● Work instruction
Copy each line in the data below that contains the word "Scope".

>>>

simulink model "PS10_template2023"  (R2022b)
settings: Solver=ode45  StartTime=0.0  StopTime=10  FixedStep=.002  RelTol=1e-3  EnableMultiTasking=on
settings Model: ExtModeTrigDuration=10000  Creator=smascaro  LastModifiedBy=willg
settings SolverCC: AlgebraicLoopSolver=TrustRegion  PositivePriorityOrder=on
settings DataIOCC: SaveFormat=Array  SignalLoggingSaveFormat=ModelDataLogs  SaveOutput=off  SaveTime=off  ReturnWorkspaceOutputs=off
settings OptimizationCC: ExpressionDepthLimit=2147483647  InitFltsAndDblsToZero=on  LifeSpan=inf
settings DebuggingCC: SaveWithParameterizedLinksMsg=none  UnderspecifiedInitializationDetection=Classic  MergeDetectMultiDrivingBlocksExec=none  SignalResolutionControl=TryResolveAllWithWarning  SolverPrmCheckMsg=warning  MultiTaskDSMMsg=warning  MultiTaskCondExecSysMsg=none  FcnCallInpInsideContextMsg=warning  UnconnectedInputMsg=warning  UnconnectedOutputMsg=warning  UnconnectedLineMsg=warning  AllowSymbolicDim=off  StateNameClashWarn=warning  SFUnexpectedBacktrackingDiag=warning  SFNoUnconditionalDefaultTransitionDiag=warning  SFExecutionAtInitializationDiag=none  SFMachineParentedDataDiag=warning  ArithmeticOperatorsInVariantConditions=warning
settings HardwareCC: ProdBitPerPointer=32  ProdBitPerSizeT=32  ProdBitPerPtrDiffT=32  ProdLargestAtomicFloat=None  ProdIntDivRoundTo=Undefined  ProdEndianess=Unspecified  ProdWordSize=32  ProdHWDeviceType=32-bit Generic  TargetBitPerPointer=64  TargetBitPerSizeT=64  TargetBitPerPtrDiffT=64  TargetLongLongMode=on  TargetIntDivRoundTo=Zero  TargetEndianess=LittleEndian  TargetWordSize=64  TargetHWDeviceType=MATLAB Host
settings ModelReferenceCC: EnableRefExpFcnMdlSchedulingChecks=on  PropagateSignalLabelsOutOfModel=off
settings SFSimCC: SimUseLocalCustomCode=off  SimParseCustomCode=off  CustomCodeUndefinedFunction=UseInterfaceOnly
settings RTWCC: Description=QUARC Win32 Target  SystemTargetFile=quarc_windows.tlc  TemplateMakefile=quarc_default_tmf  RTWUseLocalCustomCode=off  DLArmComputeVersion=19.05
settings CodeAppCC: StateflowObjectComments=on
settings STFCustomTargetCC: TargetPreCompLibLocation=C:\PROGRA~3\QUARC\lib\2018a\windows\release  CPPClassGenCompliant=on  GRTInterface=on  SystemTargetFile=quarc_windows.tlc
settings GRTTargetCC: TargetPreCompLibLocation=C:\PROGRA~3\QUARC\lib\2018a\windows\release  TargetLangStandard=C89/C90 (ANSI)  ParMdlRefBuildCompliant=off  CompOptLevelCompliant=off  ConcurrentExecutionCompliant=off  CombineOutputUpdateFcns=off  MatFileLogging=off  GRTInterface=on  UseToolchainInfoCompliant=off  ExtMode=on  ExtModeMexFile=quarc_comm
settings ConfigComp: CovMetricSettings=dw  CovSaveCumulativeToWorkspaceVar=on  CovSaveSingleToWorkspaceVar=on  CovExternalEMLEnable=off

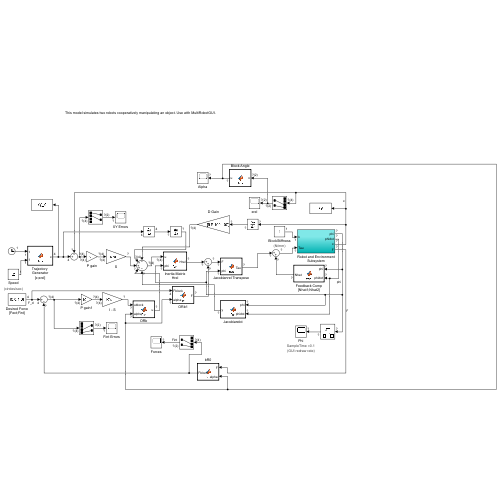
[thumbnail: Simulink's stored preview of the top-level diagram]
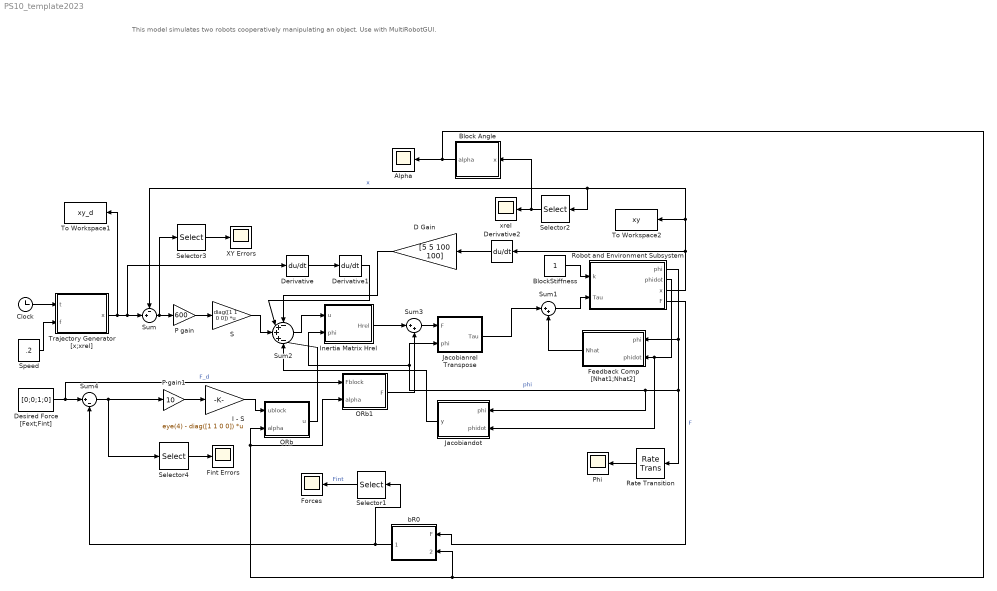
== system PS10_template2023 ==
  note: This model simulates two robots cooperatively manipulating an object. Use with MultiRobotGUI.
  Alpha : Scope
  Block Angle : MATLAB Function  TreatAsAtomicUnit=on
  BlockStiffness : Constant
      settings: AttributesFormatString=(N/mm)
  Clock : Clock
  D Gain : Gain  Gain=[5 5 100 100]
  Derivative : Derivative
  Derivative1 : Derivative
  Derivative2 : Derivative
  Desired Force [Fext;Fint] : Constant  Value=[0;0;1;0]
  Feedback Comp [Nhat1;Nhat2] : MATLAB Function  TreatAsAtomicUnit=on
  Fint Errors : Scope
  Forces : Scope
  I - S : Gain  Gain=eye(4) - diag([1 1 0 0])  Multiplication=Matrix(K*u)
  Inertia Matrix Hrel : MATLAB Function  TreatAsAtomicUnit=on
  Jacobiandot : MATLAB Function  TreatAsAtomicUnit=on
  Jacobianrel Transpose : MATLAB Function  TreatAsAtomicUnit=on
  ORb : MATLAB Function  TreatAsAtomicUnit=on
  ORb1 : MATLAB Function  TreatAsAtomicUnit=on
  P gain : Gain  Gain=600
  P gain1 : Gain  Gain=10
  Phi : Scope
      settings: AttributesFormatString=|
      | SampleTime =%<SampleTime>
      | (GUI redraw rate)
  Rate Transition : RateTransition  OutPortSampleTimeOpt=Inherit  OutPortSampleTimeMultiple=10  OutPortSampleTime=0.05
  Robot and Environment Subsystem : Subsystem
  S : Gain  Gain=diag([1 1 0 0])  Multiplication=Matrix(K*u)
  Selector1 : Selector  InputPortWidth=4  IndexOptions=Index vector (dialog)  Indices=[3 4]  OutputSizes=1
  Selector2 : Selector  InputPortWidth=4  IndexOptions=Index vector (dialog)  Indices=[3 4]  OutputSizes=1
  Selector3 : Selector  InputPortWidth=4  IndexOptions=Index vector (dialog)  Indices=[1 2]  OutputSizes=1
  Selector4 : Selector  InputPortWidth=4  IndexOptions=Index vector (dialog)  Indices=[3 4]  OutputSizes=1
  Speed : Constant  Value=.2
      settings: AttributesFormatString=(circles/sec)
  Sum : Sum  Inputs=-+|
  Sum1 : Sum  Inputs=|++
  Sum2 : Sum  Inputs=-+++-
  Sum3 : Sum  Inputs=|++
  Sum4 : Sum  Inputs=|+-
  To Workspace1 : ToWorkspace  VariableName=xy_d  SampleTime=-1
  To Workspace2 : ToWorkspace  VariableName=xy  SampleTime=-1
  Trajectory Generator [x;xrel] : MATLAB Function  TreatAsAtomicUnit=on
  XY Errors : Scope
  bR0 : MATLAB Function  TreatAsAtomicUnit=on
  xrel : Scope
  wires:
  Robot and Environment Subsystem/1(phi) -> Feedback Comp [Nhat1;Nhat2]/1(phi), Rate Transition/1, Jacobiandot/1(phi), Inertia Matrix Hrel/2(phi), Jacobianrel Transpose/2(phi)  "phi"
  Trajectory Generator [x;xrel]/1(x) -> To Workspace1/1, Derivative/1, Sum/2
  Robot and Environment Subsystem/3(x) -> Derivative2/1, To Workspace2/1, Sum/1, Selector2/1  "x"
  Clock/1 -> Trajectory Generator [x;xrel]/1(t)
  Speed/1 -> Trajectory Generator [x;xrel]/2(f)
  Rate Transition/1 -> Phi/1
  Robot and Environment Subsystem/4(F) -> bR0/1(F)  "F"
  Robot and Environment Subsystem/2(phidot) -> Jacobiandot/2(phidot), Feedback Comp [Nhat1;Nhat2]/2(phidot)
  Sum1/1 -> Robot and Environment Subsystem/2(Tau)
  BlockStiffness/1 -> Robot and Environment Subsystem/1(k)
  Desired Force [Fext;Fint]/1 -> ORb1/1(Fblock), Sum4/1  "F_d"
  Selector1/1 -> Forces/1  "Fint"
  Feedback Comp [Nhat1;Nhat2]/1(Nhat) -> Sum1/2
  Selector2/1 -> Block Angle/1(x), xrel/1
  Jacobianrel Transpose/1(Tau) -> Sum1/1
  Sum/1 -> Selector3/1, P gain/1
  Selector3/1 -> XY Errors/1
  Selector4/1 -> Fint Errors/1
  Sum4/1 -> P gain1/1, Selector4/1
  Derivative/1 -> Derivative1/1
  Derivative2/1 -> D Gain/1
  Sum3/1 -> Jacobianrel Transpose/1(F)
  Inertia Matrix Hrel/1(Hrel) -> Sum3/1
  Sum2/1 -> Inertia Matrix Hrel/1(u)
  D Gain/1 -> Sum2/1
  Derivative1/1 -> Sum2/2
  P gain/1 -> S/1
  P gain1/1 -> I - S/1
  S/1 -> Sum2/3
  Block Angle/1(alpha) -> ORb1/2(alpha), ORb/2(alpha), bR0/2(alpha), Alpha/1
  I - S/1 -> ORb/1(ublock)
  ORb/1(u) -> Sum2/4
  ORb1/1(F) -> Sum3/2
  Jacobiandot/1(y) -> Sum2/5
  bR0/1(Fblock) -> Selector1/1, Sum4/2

<<<

● Response area
  Alpha : Scope
  Fint Errors : Scope
  Forces : Scope
  Phi : Scope
  XY Errors : Scope
  xrel : Scope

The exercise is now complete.